# Mission Complete! time to move.



## James Downey (Oct 27, 2008)

WDF peeps. 

Well another tour done. I am leaving good ol' Detroit for green pastures....hopefully a lot greener. Any how. 

I will be moving. 

Most likely too;

Mobile, Alabama

Elizabeth City, North Carolina

New Orleans, La

Jacksonville, Fl.

I won't be moving till the summer. But I was going to start seeing who is where in terms of these stations. Anyone in any of these places who is willing to at a minimium shake my hand. Let me know. Hopefully we can meet.

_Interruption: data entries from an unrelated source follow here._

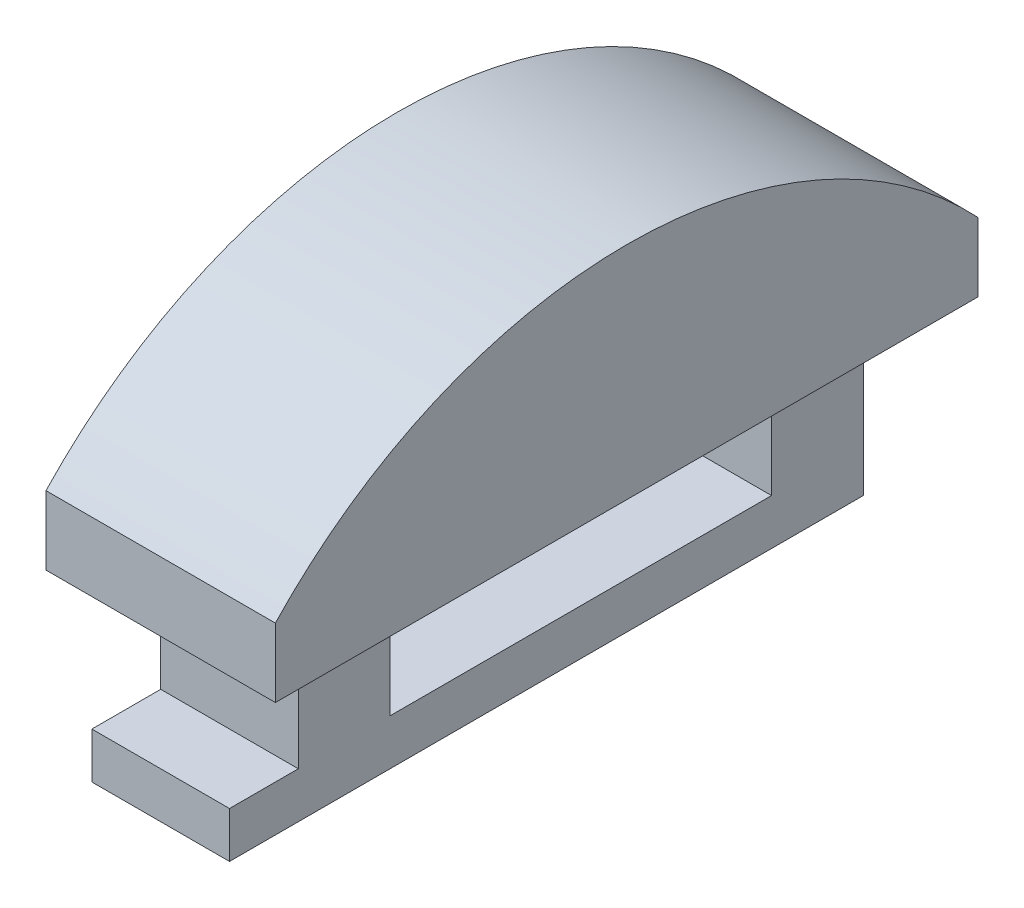
ISO-10303-21;
HEADER;
FILE_DESCRIPTION(('STEP AP214'),'2;1');
FILE_NAME('part.step','',(''),(''),'','','');
FILE_SCHEMA(('AUTOMOTIVE_DESIGN { 1 0 10303 214 1 1 1 1 }'));
ENDSEC;
DATA;
#1=APPLICATION_CONTEXT('core data for automotive mechanical design processes');
#2=APPLICATION_PROTOCOL_DEFINITION('international standard','automotive_design',2000,#1);
#3=PRODUCT_CONTEXT('',#1,'mechanical');
#4=PRODUCT('Part','Part','',(#3));
#5=PRODUCT_RELATED_PRODUCT_CATEGORY('part','',(#4));
#6=PRODUCT_DEFINITION_FORMATION('','',#4);
#7=PRODUCT_DEFINITION_CONTEXT('part definition',#1,'design');
#8=PRODUCT_DEFINITION('design','',#6,#7);
#9=PRODUCT_DEFINITION_SHAPE('','',#8);
#10=(LENGTH_UNIT() NAMED_UNIT(*) SI_UNIT(.MILLI.,.METRE.));
#11=(NAMED_UNIT(*) PLANE_ANGLE_UNIT() SI_UNIT($,.RADIAN.));
#12=(NAMED_UNIT(*) SI_UNIT($,.STERADIAN.) SOLID_ANGLE_UNIT());
#13=UNCERTAINTY_MEASURE_WITH_UNIT(LENGTH_MEASURE(1.E-05),#10,'distance_accuracy_value','');
#14=(GEOMETRIC_REPRESENTATION_CONTEXT(3) GLOBAL_UNCERTAINTY_ASSIGNED_CONTEXT((#13)) GLOBAL_UNIT_ASSIGNED_CONTEXT((#10,
#11,#12)) REPRESENTATION_CONTEXT('',''));
#15=CARTESIAN_POINT('',(0.,0.,0.));
#16=DIRECTION('',(0.,0.,1.));
#17=DIRECTION('',(1.,0.,0.));
#18=AXIS2_PLACEMENT_3D('',#15,#16,#17);
#19=CARTESIAN_POINT('',(0.,0.,0.));
#20=DIRECTION('',(0.,1.,0.));
#21=DIRECTION('',(0.,0.,1.));
#22=AXIS2_PLACEMENT_3D('',#19,#20,#21);
#23=PLANE('',#22);
#24=DIRECTION('',(0.,0.,-1.));
#25=VECTOR('',#24,1.);
#26=CARTESIAN_POINT('',(-90.5718135811089,0.,-6.71263640696108));
#27=LINE('',#26,#25);
#28=CARTESIAN_POINT('',(-90.5718135811089,0.,-6.71263640696108));
#29=VERTEX_POINT('',#28);
#30=CARTESIAN_POINT('',(-90.5718135811089,0.,-10.7126364069611));
#31=VERTEX_POINT('',#30);
#32=EDGE_CURVE('E196',#29,#31,#27,.T.);
#33=ORIENTED_EDGE('',*,*,#32,.F.);
#34=DIRECTION('',(-1.,0.,0.));
#35=VECTOR('',#34,1.);
#36=CARTESIAN_POINT('',(-90.5718135811089,0.,-6.71263640696108));
#37=LINE('',#36,#35);
#38=CARTESIAN_POINT('',(-84.5718135811089,0.,-6.71263640696108));
#39=VERTEX_POINT('',#38);
#40=EDGE_CURVE('E201',#39,#29,#37,.T.);
#41=ORIENTED_EDGE('',*,*,#40,.F.);
#42=DIRECTION('',(0.,0.,1.));
#43=VECTOR('',#42,1.);
#44=CARTESIAN_POINT('',(-84.5718135811089,0.,-6.71263640696108));
#45=LINE('',#44,#43);
#46=CARTESIAN_POINT('',(-84.5718135811089,0.,-10.7126364069611));
#47=VERTEX_POINT('',#46);
#48=EDGE_CURVE('E207',#47,#39,#45,.T.);
#49=ORIENTED_EDGE('',*,*,#48,.F.);
#50=DIRECTION('',(1.,0.,0.));
#51=VECTOR('',#50,1.);
#52=CARTESIAN_POINT('',(-90.5718135811089,0.,-10.7126364069611));
#53=LINE('',#52,#51);
#54=EDGE_CURVE('E204',#31,#47,#53,.T.);
#55=ORIENTED_EDGE('',*,*,#54,.F.);
#56=EDGE_LOOP('',(#33,#41,#49,#55));
#57=FACE_BOUND('',#56,.T.);
#58=DIRECTION('',(0.,0.,1.));
#59=VECTOR('',#58,1.);
#60=CARTESIAN_POINT('',(-92.5718135811089,0.,-13.7126364069611));
#61=LINE('',#60,#59);
#62=CARTESIAN_POINT('',(-92.5718135811089,0.,-13.7126364069611));
#63=VERTEX_POINT('',#62);
#64=CARTESIAN_POINT('',(-92.5718135811089,0.,16.9173635930389));
#65=VERTEX_POINT('',#64);
#66=EDGE_CURVE('E225',#63,#65,#61,.T.);
#67=ORIENTED_EDGE('',*,*,#66,.F.);
#68=DIRECTION('',(-1.,0.,0.));
#69=VECTOR('',#68,1.);
#70=CARTESIAN_POINT('',(-92.5718135811089,0.,-13.7126364069611));
#71=LINE('',#70,#69);
#72=CARTESIAN_POINT('',(-82.5718135811089,0.,-13.7126364069611));
#73=VERTEX_POINT('',#72);
#74=EDGE_CURVE('E232',#73,#63,#71,.T.);
#75=ORIENTED_EDGE('',*,*,#74,.F.);
#76=DIRECTION('',(0.,0.,-1.));
#77=VECTOR('',#76,1.);
#78=CARTESIAN_POINT('',(-82.5718135811089,0.,-13.7126364069611));
#79=LINE('',#78,#77);
#80=CARTESIAN_POINT('',(-82.5718135811089,0.,16.9173635930389));
#81=VERTEX_POINT('',#80);
#82=EDGE_CURVE('E240',#81,#73,#79,.T.);
#83=ORIENTED_EDGE('',*,*,#82,.F.);
#84=DIRECTION('',(1.,0.,0.));
#85=VECTOR('',#84,1.);
#86=CARTESIAN_POINT('',(-92.5718135811089,0.,16.9173635930389));
#87=LINE('',#86,#85);
#88=EDGE_CURVE('E238',#65,#81,#87,.T.);
#89=ORIENTED_EDGE('',*,*,#88,.F.);
#90=EDGE_LOOP('',(#67,#75,#83,#89));
#91=FACE_BOUND('',#90,.T.);
#92=DIRECTION('',(1.,0.,0.));
#93=VECTOR('',#92,1.);
#94=CARTESIAN_POINT('',(-84.5718135811089,0.,9.91736359303892));
#95=LINE('',#94,#93);
#96=CARTESIAN_POINT('',(-90.5629687920303,0.,9.91736359303892));
#97=VERTEX_POINT('',#96);
#98=CARTESIAN_POINT('',(-84.5718135811089,0.,9.91736359303892));
#99=VERTEX_POINT('',#98);
#100=EDGE_CURVE('E164',#97,#99,#95,.T.);
#101=ORIENTED_EDGE('',*,*,#100,.F.);
#102=DIRECTION('',(0.00221119186397757,0.,-0.999997555312282));
#103=VECTOR('',#102,1.);
#104=CARTESIAN_POINT('',(-90.5629687920303,0.,9.91736359303892));
#105=LINE('',#104,#103);
#106=CARTESIAN_POINT('',(-90.5718135811089,0.,13.9173635930389));
#107=VERTEX_POINT('',#106);
#108=EDGE_CURVE('E175',#107,#97,#105,.T.);
#109=ORIENTED_EDGE('',*,*,#108,.F.);
#110=DIRECTION('',(-1.,0.,0.));
#111=VECTOR('',#110,1.);
#112=CARTESIAN_POINT('',(-90.5718135811089,0.,13.9173635930389));
#113=LINE('',#112,#111);
#114=CARTESIAN_POINT('',(-84.5718135811089,0.,13.9173635930389));
#115=VERTEX_POINT('',#114);
#116=EDGE_CURVE('E57',#115,#107,#113,.T.);
#117=ORIENTED_EDGE('',*,*,#116,.F.);
#118=DIRECTION('',(0.,0.,1.));
#119=VECTOR('',#118,1.);
#120=CARTESIAN_POINT('',(-84.5718135811089,0.,13.9173635930389));
#121=LINE('',#120,#119);
#122=EDGE_CURVE('E52',#99,#115,#121,.T.);
#123=ORIENTED_EDGE('',*,*,#122,.F.);
#124=EDGE_LOOP('',(#101,#109,#117,#123));
#125=FACE_BOUND('',#124,.T.);
#126=ADVANCED_FACE('F37',(#57,#91,#125),#23,.F.);
#127=CARTESIAN_POINT('',(-92.5718135811089,3.,-13.7126364069611));
#128=DIRECTION('',(1.,0.,0.));
#129=DIRECTION('',(0.,0.,-1.));
#130=AXIS2_PLACEMENT_3D('',#127,#128,#129);
#131=PLANE('',#130);
#132=ORIENTED_EDGE('',*,*,#66,.T.);
#133=DIRECTION('',(0.,-1.,0.));
#134=VECTOR('',#133,1.);
#135=CARTESIAN_POINT('',(-92.5718135811089,3.,16.9173635930389));
#136=LINE('',#135,#134);
#137=CARTESIAN_POINT('',(-92.5718135811089,3.,16.9173635930389));
#138=VERTEX_POINT('',#137);
#139=EDGE_CURVE('E11',#138,#65,#136,.T.);
#140=ORIENTED_EDGE('',*,*,#139,.F.);
#141=CARTESIAN_POINT('',(-92.5718135811089,-11.3683950043142,1.60236359303887));
#142=DIRECTION('',(1.,0.,0.));
#143=DIRECTION('',(0.,0.,1.));
#144=AXIS2_PLACEMENT_3D('',#141,#142,#143);
#145=CIRCLE('',#144,21.);
#146=CARTESIAN_POINT('',(-92.5718135811089,3.,-13.7126364069611));
#147=VERTEX_POINT('',#146);
#148=EDGE_CURVE('E222',#147,#138,#145,.T.);
#149=ORIENTED_EDGE('',*,*,#148,.F.);
#150=DIRECTION('',(0.,-1.,0.));
#151=VECTOR('',#150,1.);
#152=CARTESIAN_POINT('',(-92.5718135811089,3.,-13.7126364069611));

I can hold a sleeve, drive a dog...and listen to your wishes. So it will be a 2 way street.


----------



## catherine hardigan (Oct 12, 2009)

I'm curious, James, why do you think those specific pastures are greener?


----------



## Connie Sutherland (Mar 27, 2006)

catherine hardigan said:


> I'm curious, James, why do you think those specific pastures are greener?




Looking at the list and comparing it to Michigan, maybe it's literal: more grass and less snow? :lol:


----------



## Brian Anderson (Dec 2, 2010)

James make it down Louisiana way let me know.


----------



## catherine hardigan (Oct 12, 2009)

Connie Sutherland said:


> Looking at the list and comparing it to Michigan, maybe it's literal: more grass and less snow? :lol:


Could be... but I'm in East Lansing (Go State!) and there is no snow here.


----------



## Jason Davis (Oct 12, 2009)

catherine hardigan said:


> I'm curious, James, why do you think those specific pastures are greener?


If you've ever spent time in Detroit, you wouldn't have to ask that question lol.


----------



## Christopher Jones (Feb 17, 2009)

Jason Davis said:


> If you've ever spent time in Detroit, you wouldn't have to ask that question lol.


 http://answers.yahoo.com/question/index?qid=20070131123420AAiIqP8


----------



## Jason Davis (Oct 12, 2009)

Christopher Jones said:


> http://answers.yahoo.com/question/index?qid=20070131123420AAiIqP8


Yep, that's about right!


----------



## Britney Pelletier (Mar 5, 2009)

Hi James, 

Are these all because of college choices, perhaps?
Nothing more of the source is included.